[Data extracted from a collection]
---*---

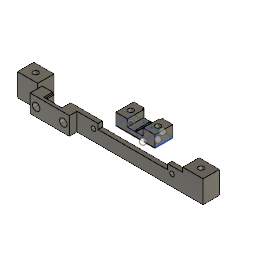
1-plug-mount v1 (Autodesk Fusion 360 design; units mm, degrees)
Autodesk Fusion 360 part; units mm, degrees
mesh "Mesh1" [no effect]
sketch "Body" plane through (0, 0, 0) normal (0, 0, 1) x (1, 0, 0) in component "PlugMountLarge"
  line L0 (-61.5, 8) -> (-48, 8)
  line L1 (-48, 8) -> (-48, 0)
  line L2 (-48, 0) -> (-40, 0)
  line L3 (-40, 0) -> (-40, -5.1)
  line L4 (-40, -5.1) -> (-30, -5.1)
  line L5 (-30, -5.1) -> (-30, 0)
  line L6 (-30, 0) -> (48, 0)
  line L7 (48, 0) -> (48, 8)
  line L8 (48, 8) -> (61.5, 8)
  line L9 (61.5, 8) -> (61.5, -3)
  line L10 (61.5, -3) -> (-22, -3)
  line L11 (-22, -3) -> (-22, -8)
  line L12 (-22, -8) -> (-48, -8)
  line L13 (-48, -8) -> (-48, -3)
  line L14 (-48, -3) -> (-61.5, -3)
  line L15 (-61.5, -3) -> (-61.5, 8)
  circle A0 centre (-54.75, 2.5) radius 1.75
  circle A1 centre (-54.75, 2.5) radius 2.5
  circle A2 centre (54.75, 2.5) radius 1.75
  circle A3 centre (54.75, 2.5) radius 2.5
  line L16 (-48, 0) -> (-48, -3)
  line L17 (-41, 0) -> (-41, -5.9)
  line L18 (-41, -5.9) -> (-29.06, -5.9)
  line L19 (-29.06, -5.9) -> (-29.06, 0)
  line L20 (48, 0) -> (48, -3)
  line L21 (-8, 0) -> (-8, -3)
  line L22 (38, 0) -> (38, -3)
  dimension "d1" = 11
  dimension "d2" = 13.5
  dimension "d3" = 78
  dimension "d4" = 8
  dimension "d5" = 13.5
  dimension "d6" = 26
  dimension "d7" = 5
  dimension "d8" = 8
  dimension "d9" = 10
  dimension "d10" = 5
  dimension "d11" = 3.5
  dimension "d12" = 5
  dimension "d13" = 3.5
  dimension "d14" = 5.9
  dimension "d15" = 5.1
  constraint horizontal L0
  constraint perpendicular L0 L1
  constraint perpendicular L1 L2
  constraint perpendicular L2 L3
  constraint perpendicular L3 L4
  constraint perpendicular L4 L5
  constraint perpendicular L5 L6
  constraint perpendicular L6 L7
  constraint perpendicular L7 L8
  constraint perpendicular L8 L9
  constraint perpendicular L9 L10
  constraint perpendicular L8 L11
  constraint perpendicular L11 L12
  constraint perpendicular L12 L13
  constraint perpendicular L13 L14
  constraint concentric A2 A3
  constraint perpendicular L14 L16
  constraint parallel L3 L17
  constraint perpendicular L17 L18
  constraint coincident L6 L19.end
  constraint perpendicular L6 L19
  constraint coincident L10 L20.end
  constraint perpendicular L10 L20
  constraint coincident L6 L21.start
  constraint coincident L10 L21.end
  constraint perpendicular L10 L21
  constraint coincident L6 L22.start
  constraint coincident L10 L22.end
  constraint perpendicular L10 L22
  measures "d1" distance of L0.start L14.end
  measures "d2" distance of L0.start L0.end
  measures "d3" distance of L5.end L6.end
  measures "d4" distance of L6.end L7.end
  measures "d5" distance of L7.end L8.end
  measures "d6" distance of L11.end L12.end
  measures "d7" distance of L12.end L13.end
  measures "d8" distance of L1.end L2.end
  measures "d9" distance of L3.end L4.end
  measures "d10" diameter of A1
  measures "d11" diameter of A0
  measures "d12" diameter of A3
  measures "d13" diameter of A2
  measures "d14" distance of L18.end L19.end
  measures "d15" distance of L4.end L5.end
extrude "Extrude2" add sketch "Body" along normal blind 12 contours L2 L6 L10 L11 L12 L13 L16 L17 L18 L19 L21 makes body 1 in component "PlugMountLarge"
extrude "Extrude1" add sketch "Body" along normal blind 11 contours L2 L3 L4 L5 L6 L17 L18 L19 bodies 1 in component "PlugMountLarge"
extrude "Extrude3" add sketch "Body" along normal blind 8.5 contours L6 L10 L21 L22 bodies 1 in component "PlugMountLarge"
extrude "Extrude4" add sketch "Body" along normal blind 15 contours L0 L1 L14 L15 L16 | A1 bodies 1 in component "PlugMountLarge"
extrude "Extrude5" cut sketch "Body" along normal blind 5 contours A1 bodies 1 in component "PlugMountLarge"
extrude "Extrude6" add sketch "Body" along normal blind 12 contours L6 L10 L20 L22 bodies 1 in component "PlugMountLarge"
extrude "Extrude7" add sketch "Body" along normal blind 15 contours L7 L8 L9 L10 L20 | A3 bodies 1 in component "PlugMountLarge"
extrude "Extrude8" cut sketch "Body" along normal blind 5 contours A3 bodies 1 in component "PlugMountLarge"
sketch "Holes1" plane through (0, -8, 0) normal (0, -1, 0) x (1, 0, 0) in component "PlugMountLarge"
  line L0 (-48, 0) -> (-22, 0)
  line L1 (-22, 0) -> (-22, 12)
  line L2 (-22, 12) -> (-48, 12)
  line L3 (-48, 12) -> (-48, 0)
  circle A0 centre (-44, 6) radius 1.75
  circle A1 centre (-44, 6) radius 2.5
  line L4 (-48, 6) -> (-22, 6) construction
  line L5 (-35, 12) -> (-35, 0) construction
  line L6 (-22, 6) -> (-48, 6) construction
  circle A2 centre (-26, 6) radius 2.5
  circle A3 centre (-26, 6) radius 1.75
  dimension "d32" = 3.5
  dimension "d33" = 5
  dimension "d34" = 6
  dimension "d35" = 4
  constraint concentric A0 A1
  constraint midpoint L3 L4.start
  constraint midpoint L1 L4.end
  constraint midpoint L2 L5.start
  constraint midpoint L0 L5.end
  constraint symmetric A0 L5 A3
  constraint symmetric A1 L5 A2
  constraint symmetric L4.start L5 L4.end
  constraint symmetric L4.end L5 L4.start
  measures "d32" diameter of A0
  measures "d33" diameter of A1
  measures "d34" distance of L2 A0.centre
  measures "d35" distance of L3 A0.centre
extrude "Extrude9" cut sketch "Holes1" against normal blind 8 contours A0 | A3 bodies 1 in component "PlugMountLarge"
extrude "Extrude10" cut sketch "Holes1" against normal blind 5 contours A1 | A2 bodies 1 in component "PlugMountLarge"
sketch "Holes2" plane through (0, -3, 0) normal (0, -1, 0) x (1, 0, 0) in component "PlugMountLarge"
  line L0 (-22, 0) -> (61.5, 0)
  line L1 (61.5, 0) -> (61.5, 15)
  line L2 (61.5, 15) -> (48, 15)
  line L3 (48, 15) -> (48, 12)
  line L4 (48, 12) -> (38, 12)
  line L5 (38, 12) -> (38, 8.5)
  line L6 (38, 8.5) -> (-8, 8.5)
  line L7 (-8, 8.5) -> (-8, 12)
  line L8 (-8, 12) -> (-22, 12)
  line L9 (-22, 12) -> (-22, 0)
  circle A0 centre (-11, 7.5) radius 1.5
  line L10 (15, 8.5) -> (15, 0) construction
  circle A1 centre (41, 7.5) radius 1.5
  line L11 (-22, 0) -> (-22, 12)
  dimension "d40" = 4.5
  dimension "d41" = 11
  constraint midpoint L6 L10.start
  constraint coincident L0 L10.end
  constraint symmetric A0 L10 A1
  measures "d40" distance of L8 A0.centre
  measures "d41" distance of A0.centre L11
extrude "Extrude11" cut sketch "Holes2" against normal blind 3 contours A0 | A1 bodies 1 in component "PlugMountLarge"
sketch "Sketch1" plane through (0, 0, 0) normal (0, 0, 1) x (1, 0, 0) in component "PlugMountSmall"
  line L0 (-13, 25.63) -> (13, 25.63)
  line L1 (13, 25.63) -> (13, 13.63)
  line L2 (13, 13.63) -> (-13, 13.63)
  line L3 (-13, 13.63) -> (-13, 25.63)
  line L4 (0, 25.63) -> (0, 13.63) construction
  line L5 (13, 19.63) -> (-13, 19.63) construction
  line L6 (-0.5, 24.33) -> (0.5, 24.33)
  line L7 (0.5, 24.33) -> (0.5, 14.33)
  line L8 (0.5, 14.33) -> (-0.5, 14.33)
  line L9 (-0.5, 14.33) -> (-0.5, 24.33)
  line L10 (-6, 25.63) -> (-6, 24.53)
  line L11 (-6, 24.53) -> (-5.2, 24.53)
  line L12 (-5.2, 24.53) -> (-5.2, 13.63)
  circle A0 centre (-9, 19.63) radius 1.75
  circle A1 centre (9, 19.63) radius 1.75
  line L13 (5.2, 24.53) -> (5.2, 13.63)
  line L14 (6, 24.53) -> (5.2, 24.53)
  line L15 (6, 25.63) -> (6, 24.53)
  line L16 (-5.2, 24.53) -> (5.2, 24.53)
  dimension "d44" = 26
  dimension "d45" = 12
  dimension "d46" = 10
  dimension "d47" = 1.3
  dimension "d48" = 1
  dimension "d49" = 0.5
  dimension "d50" = 3.5
  dimension "d51" = 0.8
  dimension "d52" = 1.1
  dimension "d53" = 7
  dimension "d54" = 4
  constraint horizontal L0
  constraint vertical L1
  constraint horizontal L2
  constraint vertical L3
  constraint midpoint L0 L4.start
  constraint midpoint L2 L4.end
  constraint midpoint L1 L5.start
  constraint midpoint L3 L5.end
  constraint horizontal L6
  constraint vertical L7
  constraint horizontal L8
  constraint vertical L9
  constraint coincident L0 L10.start
  constraint perpendicular L0 L10
  constraint perpendicular L10 L11
  constraint coincident L2 L12.end
  constraint perpendicular L2 L12
  constraint coincident L5 A0.centre
  constraint symmetric L4 L10.start L15.start
  constraint symmetric L4 L10.end L14.start
  constraint symmetric L4 L11.end L13.start
  constraint symmetric L4 L12.end L13.end
  constraint symmetric L4 A0 A1
  measures "d44" distance of L0.start L0.end
  measures "d45" distance of L0.end L1.end
  measures "d46" distance of L6.end L7.end
  measures "d47" distance of L0 L6
  measures "d48" distance of L6.start L6.end
  measures "d49" distance of L4 L7
  measures "d50" diameter of A0
  measures "d51" distance of L10.end L11.end
  measures "d52" distance of L10.start L10.end
  measures "d53" distance of L3 L10
  measures "d54" distance of L5.end A0.centre
extrude "Extrude1'" add sketch "Sketch1" along normal blind 3 separate body contours L2 L12 L13 L16 | L6 L7 L8 L9 makes body 2 in component "PlugMountSmall"
extrude "Extrude2'" add sketch "Sketch1" along normal blind 3.3 contours L6 L7 L8 L9 bodies 2 in component "PlugMountSmall"
extrude "Extrude3'" add sketch "Sketch1" along normal blind 2 contours L0 L10 L11 L14 L15 L16 bodies 2 in component "PlugMountSmall"
extrude "Extrude4'" add sketch "Sketch1" along normal blind 7.7 contours L0 L2 L3 L10 L11 L12 | L0 L1 L2 L13 L14 L15 bodies 2 in component "PlugMountSmall"
component "PlugMountLarge" placed x (1, 0, 0) y (0, 1, 0) z (0, 0, 1) at (0, 0, 0)
component "PlugMountSmall" placed x (1, 0, 0) y (0, 1, 0) z (0, 0, 1) at (0, 0, 0)

---*---

#### What this task involves
Respond with nothing but the number of lines in the entries that contain the string "concentric".

#### Finished exercise
2